Required work =>
Extract only the lines running from the top of the entries to the line that holds "Battery Cooling Loop : Subsystem". Include that line and omit the pictures.

Records contained in a dataset
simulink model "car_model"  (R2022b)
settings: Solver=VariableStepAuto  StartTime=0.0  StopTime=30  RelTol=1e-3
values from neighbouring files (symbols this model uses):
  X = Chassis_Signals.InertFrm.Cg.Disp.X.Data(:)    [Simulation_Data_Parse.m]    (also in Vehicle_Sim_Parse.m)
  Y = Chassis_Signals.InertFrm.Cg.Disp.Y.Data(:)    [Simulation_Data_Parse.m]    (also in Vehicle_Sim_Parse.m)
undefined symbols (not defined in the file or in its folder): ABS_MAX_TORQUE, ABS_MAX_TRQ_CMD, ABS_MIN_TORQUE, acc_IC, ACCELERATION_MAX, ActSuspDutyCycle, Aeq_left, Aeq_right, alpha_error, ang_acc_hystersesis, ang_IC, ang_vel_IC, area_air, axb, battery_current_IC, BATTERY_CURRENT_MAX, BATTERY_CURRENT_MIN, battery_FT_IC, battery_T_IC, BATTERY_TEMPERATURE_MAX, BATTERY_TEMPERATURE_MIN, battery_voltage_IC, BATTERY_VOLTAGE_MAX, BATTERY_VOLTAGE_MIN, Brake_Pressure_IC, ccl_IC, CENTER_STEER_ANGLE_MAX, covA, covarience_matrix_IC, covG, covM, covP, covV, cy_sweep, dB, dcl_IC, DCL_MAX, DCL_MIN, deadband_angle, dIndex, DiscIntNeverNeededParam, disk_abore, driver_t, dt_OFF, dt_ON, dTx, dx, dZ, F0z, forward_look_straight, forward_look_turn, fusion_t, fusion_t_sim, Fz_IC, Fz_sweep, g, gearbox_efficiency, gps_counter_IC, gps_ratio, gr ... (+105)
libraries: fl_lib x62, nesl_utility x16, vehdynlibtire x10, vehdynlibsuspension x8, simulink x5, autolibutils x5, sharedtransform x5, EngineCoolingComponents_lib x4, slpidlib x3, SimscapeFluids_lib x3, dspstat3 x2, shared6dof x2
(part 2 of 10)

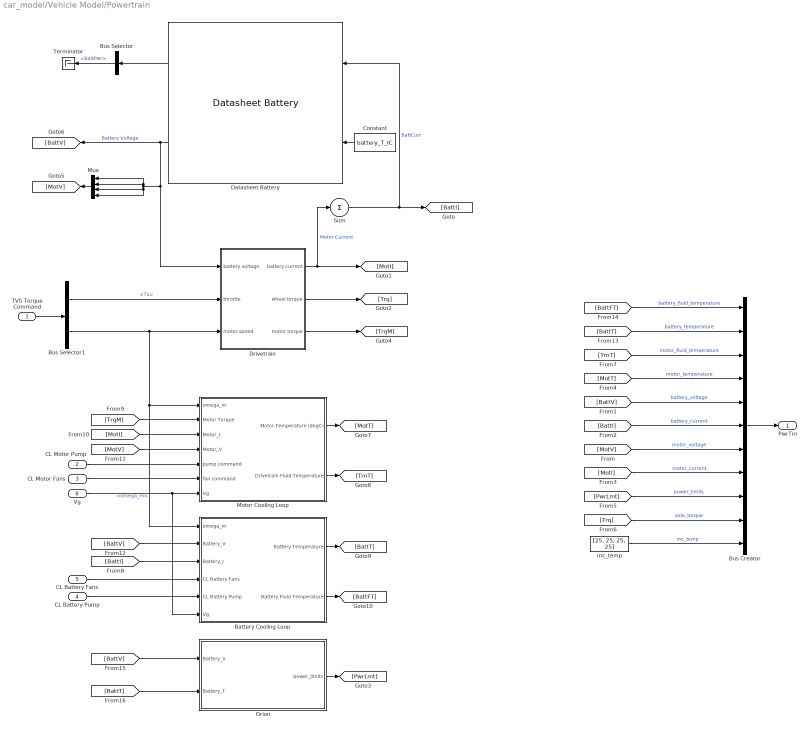
== system car_model/Vehicle Model/Powertrain ==
  TVS Torque Command : Inport
  CL Motor Pump : Inport  Port=2
  CL Motor Fans : Inport  Port=3
  CL Battery Pump : Inport  Port=4
  CL Battery Fans : Inport  Port=5
  Vg : Inport  Port=6
  Battery Cooling Loop : Subsystem
  Bus Creator : BusCreator  Inputs=11
  Bus Selector : BusSelector  OutputSignals=BattPwr
  Bus Selector1 : BusSelector  OutputSignals=Tx,omega_m
  Constant : Constant  Value=battery_T_IC
  Datasheet Battery : autolibdatasheetbattery/Datasheet Battery  CapacityCtrl=Parameter  OutputVlt=Filtered  BattChargeMax=BattCap  Em=Em  CapLUTBp=SOC  RInt=RESISTANCE  BattTempBp=TEMPERATURE  CapSOCBp=SOC  Ns=Ns  Np=Np  BattCapInit=BattCap_I  Tc=Battery_tau  Vinit=battery_voltage_IC  RefBlkName='autolibdatasheetbattery/Datasheet Battery'
  Drivetrain : Subsystem
  Motor Cooling Loop : Subsystem
  Mux : Mux
  Orion : Subsystem
  Sum : Sum  Inputs=+
  Terminator : Terminator
  mc_temp : Constant  Value=[25, 25, 25, 25]
  PwrTrn : Outport
  wires:
  [BattT] -> Orion/2(Battery_T)
  [Trq] -> Bus Creator/10  "axle_torque"
  [TrnT] -> Bus Creator/3  "motor_fluid_temperature"
  Vg/1 -> Motor Cooling Loop/7(Vg), Battery Cooling Loop/6(Vg)
  CL Battery Fans/1 -> Battery Cooling Loop/4(CL Battery Fans)
  [MotT] -> Bus Creator/4  "motor_temperature"
  Battery Cooling Loop/2(Battery Fluid Temperature) -> [BattFT]
  [BattI] -> Bus Creator/6  "battery_current"
  [MotI] -> Bus Creator/8  "motor_current"
  [MotV] -> Motor Cooling Loop/4(Motor_V)
  Motor Cooling Loop/2(Drivetrain Fluid Temperature) -> [TrnT]
  Mux/1 -> [MotV]
  CL Battery Pump/1 -> Battery Cooling Loop/5(CL Battery Pump)
  Bus Selector1/2 -> Drivetrain/3(motor speed), Motor Cooling Loop/1(omega_m), Battery Cooling Loop/1(omega_m)  "<omega_m>"
  Bus Selector1/1 -> Drivetrain/2(throttle)  "<Tx>"
  CL Motor Pump/1 -> Motor Cooling Loop/5(pump command)
  Battery Cooling Loop/1(Battery Temperature) -> [BattT]
  Sum/1 -> [BattI], Datasheet Battery/1  "BattCurr"
  Datasheet Battery/1 -> Bus Selector/1
  [BattI] -> Battery Cooling Loop/3(Battery_I)
  [BattV] -> Orion/1(Battery_V)
  Bus Selector/1 -> Terminator/1  "<BattPwr>"
  Motor Cooling Loop/1(Motor Temperature (degC)) -> [MotT]
  Datasheet Battery/2 -> Drivetrain/1(battery voltage), Mux/3, Mux/4, Mux/2, Mux/1, [BattV]  "Battery Voltage"
  [MotV] -> Bus Creator/7  "motor_voltage"
  [BattV] -> Bus Creator/5  "battery_voltage"
  [MotI] -> Motor Cooling Loop/3(Motor_I)
  [BattV] -> Battery Cooling Loop/2(Battery_V)
  [BattFT] -> Bus Creator/1  "battery_fluid_temperature"
  Drivetrain/1(battery current) -> [MotI], Sum/1  "Motor Current"
  Constant/1 -> Datasheet Battery/2
  Bus Creator/1 -> PwrTrn/1
  CL Motor Fans/1 -> Motor Cooling Loop/6(fan command)
  [PwrLmt] -> Bus Creator/9  "power_limits"
  [BattT] -> Bus Creator/2  "battery_temperature"
  Orion/1(power_limits) -> [PwrLmt]
  [TrqM] -> Motor Cooling Loop/2(Motor Torque)
  mc_temp/1 -> Bus Creator/11  "mc_temp"
  TVS Torque Command/1 -> Bus Selector1/1
  Drivetrain/2(wheel torque) -> [Trq]
  Drivetrain/3(motor torque) -> [TrqM]

== system car_model/Vehicle Model/Suspension ==
  Steering : Inport
  Wheel : Inport  Port=2
  Vehicle : Inport  Port=3
  Double Wishbone Suspension : Subsystem  VariantControl=1
      mask Display: image('suspdw.png');
  Independent Mapped Front Suspension Mapped Solid Axle Rear Suspension : Subsystem  VariantControl=2
      mask Display: image([imread('suspindmap.png');imread('suspsamap.png')]);
  Kinematics and Compliance Independent Suspension : Subsystem  VariantControl=6
      mask Display: image('suspkandc.png');
  MacPherson Front Suspension Solid Axle Rear Suspension : Subsystem  VariantControl=3
      mask Display: image([imread('suspmacp.png');imread('suspsacoil.png')]);
  MacPherson Suspension : Subsystem  VariantControl=4
      mask Display: image('suspmacp.png');
  Mapped Suspension : Subsystem  VariantControl=5
      mask Display: image('suspindmap.png');
  Suspension : Outport  VectorParamsAs1DForOutWhenUnconnected=off
  Suspension1 : Outport  Port=2  VectorParamsAs1DForOutWhenUnconnected=off
  Veh : Outport  Port=3  VectorParamsAs1DForOutWhenUnconnected=off

== system car_model/Vehicle Model/Vehicle ==
  Suspension : Inport
  6DOF : Subsystem  VariantControl=1
  Constant : Constant  Value=[0 0 0]
  VehFdbk : Outport  VectorParamsAs1DForOutWhenUnconnected=off
  wires:
  6DOF/1(VehFdbk) -> VehFdbk/1  "VehFdbk"
  Constant/1 -> 6DOF/2(Wind)
  Suspension/1 -> 6DOF/1(Suspension)

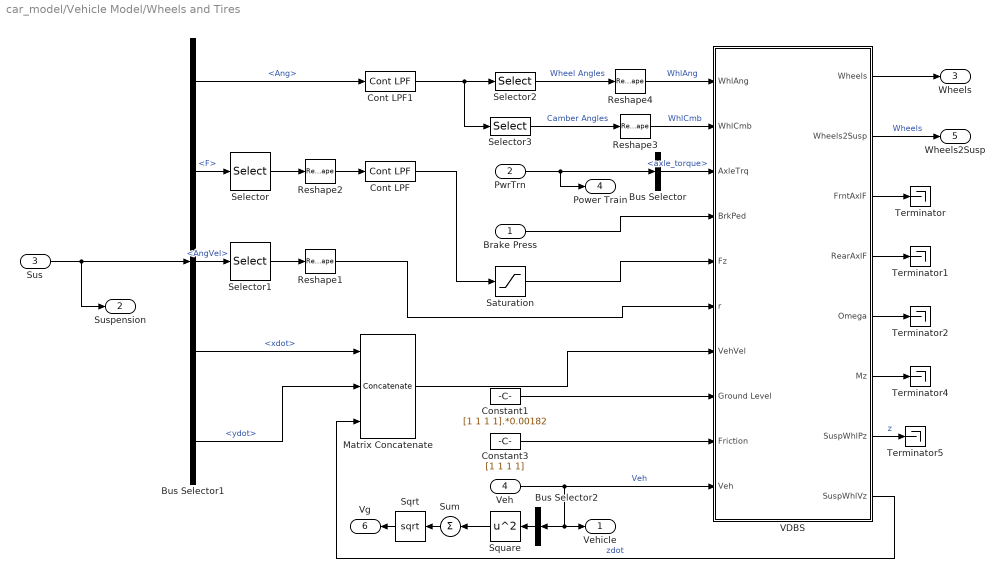
== system car_model/Vehicle Model/Wheels and Tires ==
  Brake Press : Inport  Unit=Pa
  PwrTrn : Inport  Port=2
  Sus : Inport  Port=3
  Veh : Inport  Port=4
  Bus Selector : BusSelector  OutputSignals=axle_torque
  Bus Selector1 : BusSelector  OutputSignals=Whl.Ang,Whl.F,Whl.AngVel,Whl.xdot,Whl.ydot
  Bus Selector2 : BusSelector  OutputSignals=BdyFrm.Cg.Vel.xdot,BdyFrm.Cg.Vel.ydot  OutputAsBus=on
  Constant1 : Constant  Value=[1 1 1 1].*0.00182
  Constant3 : Constant  Value=[1 1 1 1]
  Cont LPF : autolibutils/Cont LPF  wc=100*2*pi  AbsoluteTolerance=auto  aMode=2
  Cont LPF1 : autolibutils/Cont LPF  wc=100*2*pi  AbsoluteTolerance=auto  aMode=2
  Matrix Concatenate : Concatenate  NumInputs=3  Mode=Multidimensional array
  Reshape{1..4} (4 alike) : Reshape
  Saturation : Saturate  UpperLimit=inf  LowerLimit=-10*9.81*2000  ZeroCross=off
  Selector : Selector  NumberOfDimensions=2  InputPortWidth=3  IndexOptions=Index vector (dialog),Select all  Indices=[3],1  OutputSizes=1,1
  Selector1 : Selector  NumberOfDimensions=2  InputPortWidth=1  IndexOptions=Index vector (dialog),Select all  Indices=[3],1  OutputSizes=1,1
  Selector2 : Selector  NumberOfDimensions=2  InputPortWidth=3  IndexOptions=Index vector (dialog),Select all  Indices=3,1  OutputSizes=1,1
  Selector3 : Selector  NumberOfDimensions=2  InputPortWidth=3  IndexOptions=Index vector (dialog),Select all  Indices=1,1  OutputSizes=1,1
  Sqrt : Sqrt
  Square : Math  Operator=square
  Sum : Sum  Inputs=+
  Terminator{,1..2,4..5} (5 alike) : Terminator
  VDBS : Subsystem  VariantControl=0
  Vehicle : Outport  VectorParamsAs1DForOutWhenUnconnected=off
  Suspension : Outport  Port=2  VectorParamsAs1DForOutWhenUnconnected=off
  Wheels : Outport  Port=3  VectorParamsAs1DForOutWhenUnconnected=off
  Power Train : Outport  Port=4  VectorParamsAs1DForOutWhenUnconnected=off
  Wheels2Susp : Outport  Port=5  VectorParamsAs1DForOutWhenUnconnected=off
  Vg : Outport  Port=6  VectorParamsAs1DForOutWhenUnconnected=off
  wires:
  Bus Selector1/2 -> Selector/1  "<F>"
  VDBS/3(FrntAxlF) -> Terminator/1
  VDBS/4(RearAxlF) -> Terminator1/1
  VDBS/6(Mz) -> Terminator4/1
  Selector1/1 -> Reshape1/1
  Matrix Concatenate/1 -> VDBS/7(VehVel)
  PwrTrn/1 -> Power Train/1, Bus Selector/1
  Reshape4/1 -> VDBS/1(WhlAng)  "WhlAng"
  Reshape3/1 -> VDBS/2(WhlCmb)  "WhlCmb"
  Selector/1 -> Reshape2/1
  Saturation/1 -> VDBS/5(Fz)
  Constant1/1 -> VDBS/8(Ground Level)
  VDBS/8(SuspWhlVz) -> Matrix Concatenate/3  "zdot"
  Bus Selector1/1 -> Cont LPF1/1  "<Ang>"
  Selector3/1 -> Reshape3/1  "Camber Angles"
  Sus/1 -> Suspension/1, Bus Selector1/1
  Bus Selector1/4 -> Matrix Concatenate/1  "<xdot>"
  Bus Selector1/5 -> Matrix Concatenate/2  "<ydot>"
  VDBS/7(SuspWhlPz) -> Terminator5/1  "z"
  Reshape2/1 -> Cont LPF/1
  Bus Selector1/3 -> Selector1/1  "<AngVel>"
  Reshape1/1 -> VDBS/6(r)
  Brake Press/1 -> VDBS/4(BrkPed)
  Constant3/1 -> VDBS/9(Friction)
  Cont LPF/1 -> Saturation/1
  Cont LPF1/1 -> Selector3/1, Selector2/1
  Selector2/1 -> Reshape4/1  "Wheel Angles"
  Veh/1 -> Vehicle/1, Bus Selector2/1, VDBS/10(Veh)  "Veh"
  VDBS/2(Wheels2Susp) -> Wheels2Susp/1  "Wheels"
  VDBS/1(Wheels) -> Wheels/1
  Bus Selector/1 -> VDBS/3(AxleTrq)  "<axle_torque>"
  VDBS/5(Omega) -> Terminator2/1
  Bus Selector2/1 -> Square/1
  Square/1 -> Sum/1
  Sum/1 -> Sqrt/1
  Sqrt/1 -> Vg/1

== system car_model/Control Systems/TVS/Current Limiting ==
  max_K : Inport
  omega : Inport  Port=2
  Tx : Inport  Port=3
  Divide : Product  Inputs=/**
  Gain : Gain  Gain=1./ABS_MAX_TORQUE
  Gain1 : Gain  Gain=PER23_gr
  Gain2 : Gain  Gain=MOTOR_ENABLE
  GreaterThan : RelationalOperator  Operator=<  OutDataTypeStr=boolean  RndMeth=Simplest  InputSameDT=off
  Max : MinMax  Function=max
  Max K : Lookup_n-D  NumberOfTableDimensions=1  BreakpointsForDimension1=[0 675]  Table=[0.05 1]  ExtrapMethod=Clip  UseLastTableValue=on  InternalRulePriority=Speed  RndMeth=Simplest
  Min K : Lookup_n-D  NumberOfTableDimensions=1  BreakpointsForDimension1=[0 100 200 1150]  IndexSearchMethod=Linear search  Table=[0 0 0.1 1]  ExtrapMethod=Clip  UseLastTableValue=on  InternalRulePriority=Speed  RndMeth=Simplest
  Product : Product
  Sum : Sum  Inputs=+
  Sum1 : Sum  Inputs=+|+
  Sum2 : Sum  Inputs=|+-
  Switch : Switch  Criteria=u2 > Threshold  SaturateOnIntegerOverflow=off  InputSameDT=off
  K_Actual : Outport
  wires:
  max_K/1 -> Divide/3, GreaterThan/1
  Switch/1 -> K_Actual/1
  Gain/1 -> Product/1
  Tx/1 -> Gain/1
  GreaterThan/1 -> Sum/1
  Sum/1 -> Switch/2
  omega/1 -> Gain1/1
  Min K/1 -> Gain2/1, Sum2/2
  Max K/1 -> Sum2/1
  Sum2/1 -> Product/2
  Product/1 -> Sum1/1
  Sum1/1 -> Switch/3, Divide/2, Max/1, GreaterThan/2
  Max/1 -> Divide/1
  Divide/1 -> Switch/1
  Gain1/1 -> Min K/1, Max K/1
  Gain2/1 -> Sum1/2

== system car_model/Control Systems/TVS/Optimization ==
  note: reduce this limit?
  driver_input : Inport  OutDataTypeStr=double
  obj_gain : Inport  Port=2
  b : Inport  Port=3  OutDataTypeStr=double
  ub : Inport  Port=4  OutDataTypeStr=double
  lb : Inport  Port=5  OutDataTypeStr=double
  Aeq : Inport  Port=6  OutDataTypeStr=double
  beq : Inport  Port=7  OutDataTypeStr=double
  A Dot : DotProduct  OutDataTypeStr=double
  Aeq Dot : DotProduct  OutDataTypeStr=double
  C Caller : CCaller  FunctionName=bigM_func  PortSpecificationStruct="%)30     .    N\"X   8    (     @         %    \"    !P    !     0         %  0 \"0    $    _    07)G3F%M90  4&]R=$YA;64 4V-O<&4     26YD97@     5'EP90      4VEZ90      27-';&]B86P   X    P    !@    @    $          4    (     0    ,    !         !   P!O=70 #@   #     &    \"     0         !0    @    !     P    $         $  # &]U=  .    .     8    (    !          %    \"     $    &     0         0  ...(+15750 chars)"
  Constant : Constant  Value=TVS_ENABLE
  Constant1 : Constant  Value=[1 1 1 1]
  Demux{,1..4} (5 alike) : Demux
  Switch : Switch  Criteria=u2 > Threshold  SaturateOnIntegerOverflow=off  InputSameDT=off
  Tx_RAW_demux : Mux
  Tx_choose : Switch  Criteria=u2 > Threshold  Threshold=2  OutDataTypeStr=double  SaturateOnIntegerOverflow=off  InputSameDT=off
  Tx_deadband : DeadZone  LowerValue=-10*dTx  UpperValue=10*dTx  SaturateOnIntegerOverflow=off
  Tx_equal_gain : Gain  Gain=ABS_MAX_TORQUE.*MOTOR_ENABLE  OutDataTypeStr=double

Exercise result =>
simulink model "car_model"  (R2022b)
settings: Solver=VariableStepAuto  StartTime=0.0  StopTime=30  RelTol=1e-3
values from neighbouring files (symbols this model uses):
  X = Chassis_Signals.InertFrm.Cg.Disp.X.Data(:)    [Simulation_Data_Parse.m]    (also in Vehicle_Sim_Parse.m)
  Y = Chassis_Signals.InertFrm.Cg.Disp.Y.Data(:)    [Simulation_Data_Parse.m]    (also in Vehicle_Sim_Parse.m)
undefined symbols (not defined in the file or in its folder): ABS_MAX_TORQUE, ABS_MAX_TRQ_CMD, ABS_MIN_TORQUE, acc_IC, ACCELERATION_MAX, ActSuspDutyCycle, Aeq_left, Aeq_right, alpha_error, ang_acc_hystersesis, ang_IC, ang_vel_IC, area_air, axb, battery_current_IC, BATTERY_CURRENT_MAX, BATTERY_CURRENT_MIN, battery_FT_IC, battery_T_IC, BATTERY_TEMPERATURE_MAX, BATTERY_TEMPERATURE_MIN, battery_voltage_IC, BATTERY_VOLTAGE_MAX, BATTERY_VOLTAGE_MIN, Brake_Pressure_IC, ccl_IC, CENTER_STEER_ANGLE_MAX, covA, covarience_matrix_IC, covG, covM, covP, covV, cy_sweep, dB, dcl_IC, DCL_MAX, DCL_MIN, deadband_angle, dIndex, DiscIntNeverNeededParam, disk_abore, driver_t, dt_OFF, dt_ON, dTx, dx, dZ, F0z, forward_look_straight, forward_look_turn, fusion_t, fusion_t_sim, Fz_IC, Fz_sweep, g, gearbox_efficiency, gps_counter_IC, gps_ratio, gr ... (+105)
libraries: fl_lib x62, nesl_utility x16, vehdynlibtire x10, vehdynlibsuspension x8, simulink x5, autolibutils x5, sharedtransform x5, EngineCoolingComponents_lib x4, slpidlib x3, SimscapeFluids_lib x3, dspstat3 x2, shared6dof x2
(part 2 of 10)

== system car_model/Vehicle Model/Powertrain ==
  TVS Torque Command : Inport
  CL Motor Pump : Inport  Port=2
  CL Motor Fans : Inport  Port=3
  CL Battery Pump : Inport  Port=4
  CL Battery Fans : Inport  Port=5
  Vg : Inport  Port=6
  Battery Cooling Loop : Subsystem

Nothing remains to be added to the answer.